### Problem to work on
Restate word for word the lines of the entries below, starting with the line that holds "angle of L2 L3" and ending with the line that holds "0) ccw projected", and no others.

### Entries shown
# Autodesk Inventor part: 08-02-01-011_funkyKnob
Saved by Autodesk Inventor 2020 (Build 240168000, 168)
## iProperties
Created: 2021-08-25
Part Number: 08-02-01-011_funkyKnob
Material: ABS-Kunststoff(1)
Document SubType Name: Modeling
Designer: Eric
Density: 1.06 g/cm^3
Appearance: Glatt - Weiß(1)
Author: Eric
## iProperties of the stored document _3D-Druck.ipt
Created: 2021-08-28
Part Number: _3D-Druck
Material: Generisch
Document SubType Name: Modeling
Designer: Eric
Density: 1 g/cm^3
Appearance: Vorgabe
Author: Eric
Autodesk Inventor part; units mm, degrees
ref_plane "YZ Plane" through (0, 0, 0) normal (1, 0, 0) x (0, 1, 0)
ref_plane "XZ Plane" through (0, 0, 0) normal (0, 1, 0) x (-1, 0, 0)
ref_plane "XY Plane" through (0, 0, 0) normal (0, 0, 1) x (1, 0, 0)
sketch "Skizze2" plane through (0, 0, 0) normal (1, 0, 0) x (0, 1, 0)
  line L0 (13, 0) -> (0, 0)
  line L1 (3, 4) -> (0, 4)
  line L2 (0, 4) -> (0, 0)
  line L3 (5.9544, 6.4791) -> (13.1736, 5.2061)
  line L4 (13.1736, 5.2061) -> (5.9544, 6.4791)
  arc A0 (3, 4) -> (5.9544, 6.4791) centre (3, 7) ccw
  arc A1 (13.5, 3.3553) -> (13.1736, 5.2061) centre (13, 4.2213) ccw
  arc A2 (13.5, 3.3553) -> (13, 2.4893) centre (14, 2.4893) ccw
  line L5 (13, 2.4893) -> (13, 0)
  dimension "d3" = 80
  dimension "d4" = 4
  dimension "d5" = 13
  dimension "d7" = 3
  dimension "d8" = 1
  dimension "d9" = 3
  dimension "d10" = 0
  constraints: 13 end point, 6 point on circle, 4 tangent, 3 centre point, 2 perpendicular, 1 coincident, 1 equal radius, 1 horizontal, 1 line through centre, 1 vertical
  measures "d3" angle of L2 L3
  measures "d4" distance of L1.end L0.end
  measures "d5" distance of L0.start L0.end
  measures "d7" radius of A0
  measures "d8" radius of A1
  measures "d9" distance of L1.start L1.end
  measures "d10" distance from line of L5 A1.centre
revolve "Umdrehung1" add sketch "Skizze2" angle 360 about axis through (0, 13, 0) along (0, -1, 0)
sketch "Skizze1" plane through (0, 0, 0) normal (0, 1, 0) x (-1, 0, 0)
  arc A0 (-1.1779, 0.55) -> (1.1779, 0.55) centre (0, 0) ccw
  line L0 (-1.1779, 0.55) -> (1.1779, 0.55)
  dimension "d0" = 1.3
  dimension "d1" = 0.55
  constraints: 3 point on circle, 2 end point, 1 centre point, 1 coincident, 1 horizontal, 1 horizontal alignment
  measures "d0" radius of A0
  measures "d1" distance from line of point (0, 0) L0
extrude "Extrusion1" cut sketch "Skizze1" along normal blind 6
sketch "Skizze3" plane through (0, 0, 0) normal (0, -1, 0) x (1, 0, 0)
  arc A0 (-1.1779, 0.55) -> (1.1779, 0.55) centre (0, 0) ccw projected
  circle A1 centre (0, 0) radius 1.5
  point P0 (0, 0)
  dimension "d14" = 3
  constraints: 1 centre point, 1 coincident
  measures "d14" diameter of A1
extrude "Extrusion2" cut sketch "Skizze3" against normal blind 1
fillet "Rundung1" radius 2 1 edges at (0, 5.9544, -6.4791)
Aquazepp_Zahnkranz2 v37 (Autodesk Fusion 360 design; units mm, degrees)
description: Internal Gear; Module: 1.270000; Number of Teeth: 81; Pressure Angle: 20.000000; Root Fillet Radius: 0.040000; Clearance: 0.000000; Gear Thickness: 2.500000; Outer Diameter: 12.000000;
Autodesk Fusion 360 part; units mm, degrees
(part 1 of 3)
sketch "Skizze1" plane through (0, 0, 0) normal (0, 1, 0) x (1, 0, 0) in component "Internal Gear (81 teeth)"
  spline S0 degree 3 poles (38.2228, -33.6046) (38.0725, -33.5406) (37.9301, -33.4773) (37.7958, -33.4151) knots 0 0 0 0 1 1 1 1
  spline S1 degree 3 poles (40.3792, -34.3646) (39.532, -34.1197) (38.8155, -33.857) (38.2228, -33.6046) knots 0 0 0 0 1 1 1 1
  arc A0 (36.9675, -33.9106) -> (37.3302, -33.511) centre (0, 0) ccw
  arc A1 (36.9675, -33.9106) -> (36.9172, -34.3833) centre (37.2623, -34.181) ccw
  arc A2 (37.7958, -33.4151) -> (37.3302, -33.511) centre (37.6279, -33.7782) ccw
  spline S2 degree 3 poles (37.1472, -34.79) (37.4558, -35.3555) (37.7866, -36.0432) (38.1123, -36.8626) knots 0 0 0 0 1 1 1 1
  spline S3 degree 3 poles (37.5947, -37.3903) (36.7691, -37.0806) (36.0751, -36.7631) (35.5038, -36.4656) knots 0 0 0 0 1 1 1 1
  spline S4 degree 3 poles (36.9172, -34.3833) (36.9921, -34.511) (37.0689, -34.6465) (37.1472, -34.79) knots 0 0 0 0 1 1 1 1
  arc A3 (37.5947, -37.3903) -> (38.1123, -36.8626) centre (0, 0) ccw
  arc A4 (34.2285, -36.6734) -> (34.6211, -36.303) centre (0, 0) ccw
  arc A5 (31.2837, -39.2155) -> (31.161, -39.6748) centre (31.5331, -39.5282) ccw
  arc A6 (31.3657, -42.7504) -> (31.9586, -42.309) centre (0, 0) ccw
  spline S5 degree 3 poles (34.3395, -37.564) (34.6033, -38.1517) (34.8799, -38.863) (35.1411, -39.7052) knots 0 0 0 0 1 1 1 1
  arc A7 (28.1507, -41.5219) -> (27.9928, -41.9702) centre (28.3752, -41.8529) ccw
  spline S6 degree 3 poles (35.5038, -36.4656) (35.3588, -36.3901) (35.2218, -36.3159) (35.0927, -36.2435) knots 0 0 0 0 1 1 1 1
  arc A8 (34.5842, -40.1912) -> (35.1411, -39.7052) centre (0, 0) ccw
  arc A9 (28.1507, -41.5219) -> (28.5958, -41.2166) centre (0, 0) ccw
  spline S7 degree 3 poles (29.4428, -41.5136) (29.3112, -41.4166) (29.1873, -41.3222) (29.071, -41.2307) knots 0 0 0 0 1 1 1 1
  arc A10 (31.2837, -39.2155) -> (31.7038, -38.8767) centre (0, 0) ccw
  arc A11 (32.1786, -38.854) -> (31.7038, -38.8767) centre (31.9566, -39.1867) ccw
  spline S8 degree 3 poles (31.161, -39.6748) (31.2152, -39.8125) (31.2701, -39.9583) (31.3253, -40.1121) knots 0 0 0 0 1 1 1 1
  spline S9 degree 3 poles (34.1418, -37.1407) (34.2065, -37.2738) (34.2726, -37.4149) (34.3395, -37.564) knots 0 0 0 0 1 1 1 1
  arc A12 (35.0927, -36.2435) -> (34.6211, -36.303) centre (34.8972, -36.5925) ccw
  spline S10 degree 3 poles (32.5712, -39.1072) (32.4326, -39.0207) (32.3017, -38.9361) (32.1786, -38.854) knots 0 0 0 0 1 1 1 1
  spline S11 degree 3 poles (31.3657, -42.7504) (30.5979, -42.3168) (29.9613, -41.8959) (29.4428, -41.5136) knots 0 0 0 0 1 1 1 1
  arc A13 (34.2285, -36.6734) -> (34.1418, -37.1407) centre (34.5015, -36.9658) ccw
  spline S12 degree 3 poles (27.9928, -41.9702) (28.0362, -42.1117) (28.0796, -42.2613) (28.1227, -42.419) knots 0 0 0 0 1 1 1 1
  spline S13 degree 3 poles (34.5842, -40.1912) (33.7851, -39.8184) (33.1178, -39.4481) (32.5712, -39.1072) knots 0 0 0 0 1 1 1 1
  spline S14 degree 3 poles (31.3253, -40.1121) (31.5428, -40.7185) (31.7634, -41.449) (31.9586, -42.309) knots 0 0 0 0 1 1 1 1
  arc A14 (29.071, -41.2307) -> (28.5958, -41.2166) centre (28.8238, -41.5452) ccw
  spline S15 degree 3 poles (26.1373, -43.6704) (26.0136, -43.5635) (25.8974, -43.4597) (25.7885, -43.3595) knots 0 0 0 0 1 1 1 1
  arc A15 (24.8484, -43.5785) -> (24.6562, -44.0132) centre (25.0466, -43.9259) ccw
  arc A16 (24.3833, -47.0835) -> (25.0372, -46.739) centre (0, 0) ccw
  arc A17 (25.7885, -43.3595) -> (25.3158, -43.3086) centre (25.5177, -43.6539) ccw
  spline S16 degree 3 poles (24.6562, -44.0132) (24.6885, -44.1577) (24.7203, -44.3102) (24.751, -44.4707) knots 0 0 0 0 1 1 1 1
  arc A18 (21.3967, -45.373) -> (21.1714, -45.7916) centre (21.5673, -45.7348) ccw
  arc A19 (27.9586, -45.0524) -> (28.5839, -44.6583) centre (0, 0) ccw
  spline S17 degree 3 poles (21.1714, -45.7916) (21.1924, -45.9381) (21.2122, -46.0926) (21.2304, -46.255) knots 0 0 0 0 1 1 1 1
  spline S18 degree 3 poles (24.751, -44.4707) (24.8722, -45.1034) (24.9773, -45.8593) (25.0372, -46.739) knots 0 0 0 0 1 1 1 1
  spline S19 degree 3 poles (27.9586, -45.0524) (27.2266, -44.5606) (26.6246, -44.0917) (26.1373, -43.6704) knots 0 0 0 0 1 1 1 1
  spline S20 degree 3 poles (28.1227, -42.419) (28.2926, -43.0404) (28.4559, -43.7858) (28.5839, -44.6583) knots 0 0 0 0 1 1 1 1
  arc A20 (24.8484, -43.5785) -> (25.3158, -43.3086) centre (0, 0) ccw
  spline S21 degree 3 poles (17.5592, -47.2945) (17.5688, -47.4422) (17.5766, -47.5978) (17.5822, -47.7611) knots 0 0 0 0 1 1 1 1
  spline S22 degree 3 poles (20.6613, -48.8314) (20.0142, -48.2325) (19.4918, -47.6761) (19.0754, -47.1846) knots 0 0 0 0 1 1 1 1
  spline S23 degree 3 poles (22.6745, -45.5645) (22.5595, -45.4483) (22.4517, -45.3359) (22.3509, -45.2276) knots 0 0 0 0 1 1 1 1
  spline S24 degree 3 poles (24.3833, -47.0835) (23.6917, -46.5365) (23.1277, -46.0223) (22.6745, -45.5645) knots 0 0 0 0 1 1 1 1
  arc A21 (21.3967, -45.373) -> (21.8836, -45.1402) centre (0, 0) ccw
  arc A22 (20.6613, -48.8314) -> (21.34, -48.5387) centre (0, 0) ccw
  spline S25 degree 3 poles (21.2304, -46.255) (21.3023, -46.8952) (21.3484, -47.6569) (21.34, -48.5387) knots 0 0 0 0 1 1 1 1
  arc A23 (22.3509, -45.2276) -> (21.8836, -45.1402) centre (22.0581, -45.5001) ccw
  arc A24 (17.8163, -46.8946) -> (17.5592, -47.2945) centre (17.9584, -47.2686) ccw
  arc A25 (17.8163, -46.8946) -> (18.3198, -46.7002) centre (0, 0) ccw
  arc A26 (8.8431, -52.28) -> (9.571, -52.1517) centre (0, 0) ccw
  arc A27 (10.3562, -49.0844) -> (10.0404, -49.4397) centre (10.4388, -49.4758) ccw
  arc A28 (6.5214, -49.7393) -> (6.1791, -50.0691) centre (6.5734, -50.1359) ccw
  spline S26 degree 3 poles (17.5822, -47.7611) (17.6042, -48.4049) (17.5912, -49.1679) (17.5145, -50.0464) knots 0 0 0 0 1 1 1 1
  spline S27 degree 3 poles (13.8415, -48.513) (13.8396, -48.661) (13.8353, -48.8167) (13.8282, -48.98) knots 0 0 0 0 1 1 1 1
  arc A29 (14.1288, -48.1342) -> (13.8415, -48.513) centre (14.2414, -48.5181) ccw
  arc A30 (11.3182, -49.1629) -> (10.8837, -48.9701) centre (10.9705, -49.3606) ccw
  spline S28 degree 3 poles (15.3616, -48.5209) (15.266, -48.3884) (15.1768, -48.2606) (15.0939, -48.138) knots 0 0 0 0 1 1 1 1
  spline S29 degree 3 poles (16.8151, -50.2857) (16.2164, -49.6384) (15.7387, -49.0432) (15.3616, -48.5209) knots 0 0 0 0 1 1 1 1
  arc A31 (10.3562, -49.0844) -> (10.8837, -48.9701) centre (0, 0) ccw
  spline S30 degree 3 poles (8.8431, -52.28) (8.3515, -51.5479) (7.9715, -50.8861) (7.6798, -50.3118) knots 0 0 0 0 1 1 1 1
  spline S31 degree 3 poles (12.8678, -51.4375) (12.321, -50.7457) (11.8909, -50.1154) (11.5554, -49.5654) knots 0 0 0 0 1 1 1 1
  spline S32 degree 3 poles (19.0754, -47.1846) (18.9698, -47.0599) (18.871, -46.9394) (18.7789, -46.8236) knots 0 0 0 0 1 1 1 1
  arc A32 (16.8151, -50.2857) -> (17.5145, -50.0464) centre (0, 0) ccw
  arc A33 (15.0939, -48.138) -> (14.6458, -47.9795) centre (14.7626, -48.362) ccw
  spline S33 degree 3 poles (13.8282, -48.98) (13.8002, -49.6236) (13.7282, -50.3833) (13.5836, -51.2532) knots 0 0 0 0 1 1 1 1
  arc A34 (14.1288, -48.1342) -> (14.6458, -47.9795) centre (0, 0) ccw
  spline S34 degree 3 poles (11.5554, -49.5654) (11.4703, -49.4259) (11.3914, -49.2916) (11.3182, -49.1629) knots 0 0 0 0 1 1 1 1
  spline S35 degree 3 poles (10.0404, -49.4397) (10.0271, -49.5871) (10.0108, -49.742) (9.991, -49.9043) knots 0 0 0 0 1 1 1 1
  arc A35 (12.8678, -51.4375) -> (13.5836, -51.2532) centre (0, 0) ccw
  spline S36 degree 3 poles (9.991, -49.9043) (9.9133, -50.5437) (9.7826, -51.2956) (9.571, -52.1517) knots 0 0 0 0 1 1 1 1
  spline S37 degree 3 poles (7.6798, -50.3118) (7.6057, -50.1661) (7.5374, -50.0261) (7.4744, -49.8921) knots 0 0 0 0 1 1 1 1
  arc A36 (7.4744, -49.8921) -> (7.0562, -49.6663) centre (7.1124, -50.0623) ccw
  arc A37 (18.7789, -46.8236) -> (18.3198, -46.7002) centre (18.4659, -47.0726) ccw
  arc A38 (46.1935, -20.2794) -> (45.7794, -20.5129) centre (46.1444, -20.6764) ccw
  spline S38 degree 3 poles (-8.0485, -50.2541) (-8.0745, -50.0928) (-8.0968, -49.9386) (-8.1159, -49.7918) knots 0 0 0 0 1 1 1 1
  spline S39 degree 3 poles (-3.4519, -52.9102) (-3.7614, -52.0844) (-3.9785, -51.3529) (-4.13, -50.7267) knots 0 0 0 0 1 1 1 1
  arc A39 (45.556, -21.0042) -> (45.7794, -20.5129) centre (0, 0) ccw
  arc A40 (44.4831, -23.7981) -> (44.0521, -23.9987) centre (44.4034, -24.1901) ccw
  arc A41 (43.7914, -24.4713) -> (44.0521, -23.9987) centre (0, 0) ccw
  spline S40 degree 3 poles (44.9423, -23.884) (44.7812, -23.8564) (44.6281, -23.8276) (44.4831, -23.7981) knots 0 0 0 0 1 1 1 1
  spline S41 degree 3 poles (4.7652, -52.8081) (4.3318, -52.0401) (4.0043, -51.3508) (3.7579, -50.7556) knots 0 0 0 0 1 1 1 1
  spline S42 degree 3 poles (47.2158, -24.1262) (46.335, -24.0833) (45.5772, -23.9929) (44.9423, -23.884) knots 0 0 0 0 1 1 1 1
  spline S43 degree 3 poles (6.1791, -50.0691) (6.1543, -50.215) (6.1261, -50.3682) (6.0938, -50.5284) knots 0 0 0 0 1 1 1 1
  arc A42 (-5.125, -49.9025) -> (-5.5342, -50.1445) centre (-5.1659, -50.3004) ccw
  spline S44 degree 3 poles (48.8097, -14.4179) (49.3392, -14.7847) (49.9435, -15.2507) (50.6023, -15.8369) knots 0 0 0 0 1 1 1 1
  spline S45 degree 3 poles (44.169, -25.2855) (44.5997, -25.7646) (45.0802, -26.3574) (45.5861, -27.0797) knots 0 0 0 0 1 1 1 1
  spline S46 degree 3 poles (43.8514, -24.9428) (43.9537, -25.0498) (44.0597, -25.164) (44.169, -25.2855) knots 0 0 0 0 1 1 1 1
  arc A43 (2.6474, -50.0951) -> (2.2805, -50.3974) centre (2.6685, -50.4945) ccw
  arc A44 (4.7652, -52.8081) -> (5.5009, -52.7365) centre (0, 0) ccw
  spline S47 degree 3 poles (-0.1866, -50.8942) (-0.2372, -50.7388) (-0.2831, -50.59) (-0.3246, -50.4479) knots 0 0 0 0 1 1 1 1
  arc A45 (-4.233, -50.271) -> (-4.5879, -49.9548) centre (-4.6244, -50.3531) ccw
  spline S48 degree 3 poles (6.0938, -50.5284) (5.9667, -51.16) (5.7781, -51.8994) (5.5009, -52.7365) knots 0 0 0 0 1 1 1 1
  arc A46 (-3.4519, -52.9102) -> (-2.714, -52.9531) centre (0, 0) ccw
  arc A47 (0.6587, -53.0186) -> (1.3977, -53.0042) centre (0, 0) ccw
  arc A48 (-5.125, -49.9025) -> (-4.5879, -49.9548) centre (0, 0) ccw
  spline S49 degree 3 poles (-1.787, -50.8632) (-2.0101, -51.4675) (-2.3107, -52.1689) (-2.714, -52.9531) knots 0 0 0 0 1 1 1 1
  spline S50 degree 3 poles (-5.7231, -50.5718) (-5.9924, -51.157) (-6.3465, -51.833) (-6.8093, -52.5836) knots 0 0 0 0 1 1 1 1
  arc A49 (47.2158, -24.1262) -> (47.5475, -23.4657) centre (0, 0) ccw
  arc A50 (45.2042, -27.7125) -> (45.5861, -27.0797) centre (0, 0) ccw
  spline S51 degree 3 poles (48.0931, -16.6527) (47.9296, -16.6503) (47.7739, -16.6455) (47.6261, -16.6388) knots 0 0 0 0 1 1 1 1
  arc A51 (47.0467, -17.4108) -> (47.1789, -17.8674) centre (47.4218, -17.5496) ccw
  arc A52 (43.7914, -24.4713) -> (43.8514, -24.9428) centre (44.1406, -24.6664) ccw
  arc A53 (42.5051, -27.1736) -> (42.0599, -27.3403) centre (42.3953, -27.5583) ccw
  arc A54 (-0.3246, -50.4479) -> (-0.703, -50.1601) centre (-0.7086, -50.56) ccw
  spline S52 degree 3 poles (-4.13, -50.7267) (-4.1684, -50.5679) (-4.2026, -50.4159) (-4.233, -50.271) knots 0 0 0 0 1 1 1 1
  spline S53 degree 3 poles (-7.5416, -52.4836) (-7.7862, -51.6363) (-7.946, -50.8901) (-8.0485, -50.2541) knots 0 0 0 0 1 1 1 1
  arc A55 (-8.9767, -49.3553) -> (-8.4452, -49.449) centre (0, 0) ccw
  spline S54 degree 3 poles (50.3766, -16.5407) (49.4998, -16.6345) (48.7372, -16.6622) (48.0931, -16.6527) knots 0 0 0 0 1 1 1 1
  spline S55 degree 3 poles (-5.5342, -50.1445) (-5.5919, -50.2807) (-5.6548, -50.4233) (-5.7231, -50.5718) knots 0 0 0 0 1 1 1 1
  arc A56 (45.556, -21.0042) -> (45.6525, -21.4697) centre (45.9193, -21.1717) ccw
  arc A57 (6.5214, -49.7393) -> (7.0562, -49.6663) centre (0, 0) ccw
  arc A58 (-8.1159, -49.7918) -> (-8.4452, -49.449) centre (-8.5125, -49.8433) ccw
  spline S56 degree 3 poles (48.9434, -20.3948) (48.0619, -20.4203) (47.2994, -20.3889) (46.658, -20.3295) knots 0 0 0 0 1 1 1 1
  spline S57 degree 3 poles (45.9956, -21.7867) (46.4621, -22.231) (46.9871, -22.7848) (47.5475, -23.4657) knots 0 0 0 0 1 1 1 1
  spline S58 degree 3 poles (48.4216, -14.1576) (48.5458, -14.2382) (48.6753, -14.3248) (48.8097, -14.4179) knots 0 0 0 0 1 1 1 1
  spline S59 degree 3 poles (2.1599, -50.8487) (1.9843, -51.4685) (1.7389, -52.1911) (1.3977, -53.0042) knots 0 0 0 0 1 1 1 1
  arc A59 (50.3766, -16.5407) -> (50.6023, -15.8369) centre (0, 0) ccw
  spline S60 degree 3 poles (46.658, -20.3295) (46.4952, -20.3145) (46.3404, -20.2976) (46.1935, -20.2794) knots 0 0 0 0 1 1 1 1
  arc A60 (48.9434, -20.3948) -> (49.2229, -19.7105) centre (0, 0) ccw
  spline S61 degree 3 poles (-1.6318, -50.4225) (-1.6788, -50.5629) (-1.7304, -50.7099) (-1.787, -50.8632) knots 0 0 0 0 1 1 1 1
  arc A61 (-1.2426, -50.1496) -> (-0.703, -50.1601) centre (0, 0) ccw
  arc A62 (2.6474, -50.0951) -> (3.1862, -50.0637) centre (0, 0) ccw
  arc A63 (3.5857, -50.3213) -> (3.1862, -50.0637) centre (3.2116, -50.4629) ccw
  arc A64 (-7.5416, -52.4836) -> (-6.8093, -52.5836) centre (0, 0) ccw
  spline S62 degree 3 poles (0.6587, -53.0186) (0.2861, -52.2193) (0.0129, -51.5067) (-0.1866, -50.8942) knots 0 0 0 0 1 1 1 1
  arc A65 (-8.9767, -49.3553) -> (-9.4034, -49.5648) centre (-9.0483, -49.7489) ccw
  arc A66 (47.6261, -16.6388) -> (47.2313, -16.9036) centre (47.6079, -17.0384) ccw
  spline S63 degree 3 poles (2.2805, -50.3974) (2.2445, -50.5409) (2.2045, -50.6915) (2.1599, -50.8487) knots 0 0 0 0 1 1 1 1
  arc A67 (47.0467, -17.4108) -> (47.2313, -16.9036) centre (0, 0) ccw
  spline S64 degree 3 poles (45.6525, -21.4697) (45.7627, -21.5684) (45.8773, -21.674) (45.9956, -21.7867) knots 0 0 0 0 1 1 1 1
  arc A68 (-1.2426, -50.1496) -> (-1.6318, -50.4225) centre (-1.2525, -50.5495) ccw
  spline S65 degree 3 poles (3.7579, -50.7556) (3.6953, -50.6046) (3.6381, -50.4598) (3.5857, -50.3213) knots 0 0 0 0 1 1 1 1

### Result of this task
  measures "d3" angle of L2 L3
  measures "d4" distance of L1.end L0.end
  measures "d5" distance of L0.start L0.end
  measures "d7" radius of A0
  measures "d8" radius of A1
  measures "d9" distance of L1.start L1.end
  measures "d10" distance from line of L5 A1.centre
revolve "Umdrehung1" add sketch "Skizze2" angle 360 about axis through (0, 13, 0) along (0, -1, 0)
sketch "Skizze1" plane through (0, 0, 0) normal (0, 1, 0) x (-1, 0, 0)
  arc A0 (-1.1779, 0.55) -> (1.1779, 0.55) centre (0, 0) ccw
  line L0 (-1.1779, 0.55) -> (1.1779, 0.55)
  dimension "d0" = 1.3
  dimension "d1" = 0.55
  constraints: 3 point on circle, 2 end point, 1 centre point, 1 coincident, 1 horizontal, 1 horizontal alignment
  measures "d0" radius of A0
  measures "d1" distance from line of point (0, 0) L0
extrude "Extrusion1" cut sketch "Skizze1" along normal blind 6
sketch "Skizze3" plane through (0, 0, 0) normal (0, -1, 0) x (1, 0, 0)
  arc A0 (-1.1779, 0.55) -> (1.1779, 0.55) centre (0, 0) ccw projected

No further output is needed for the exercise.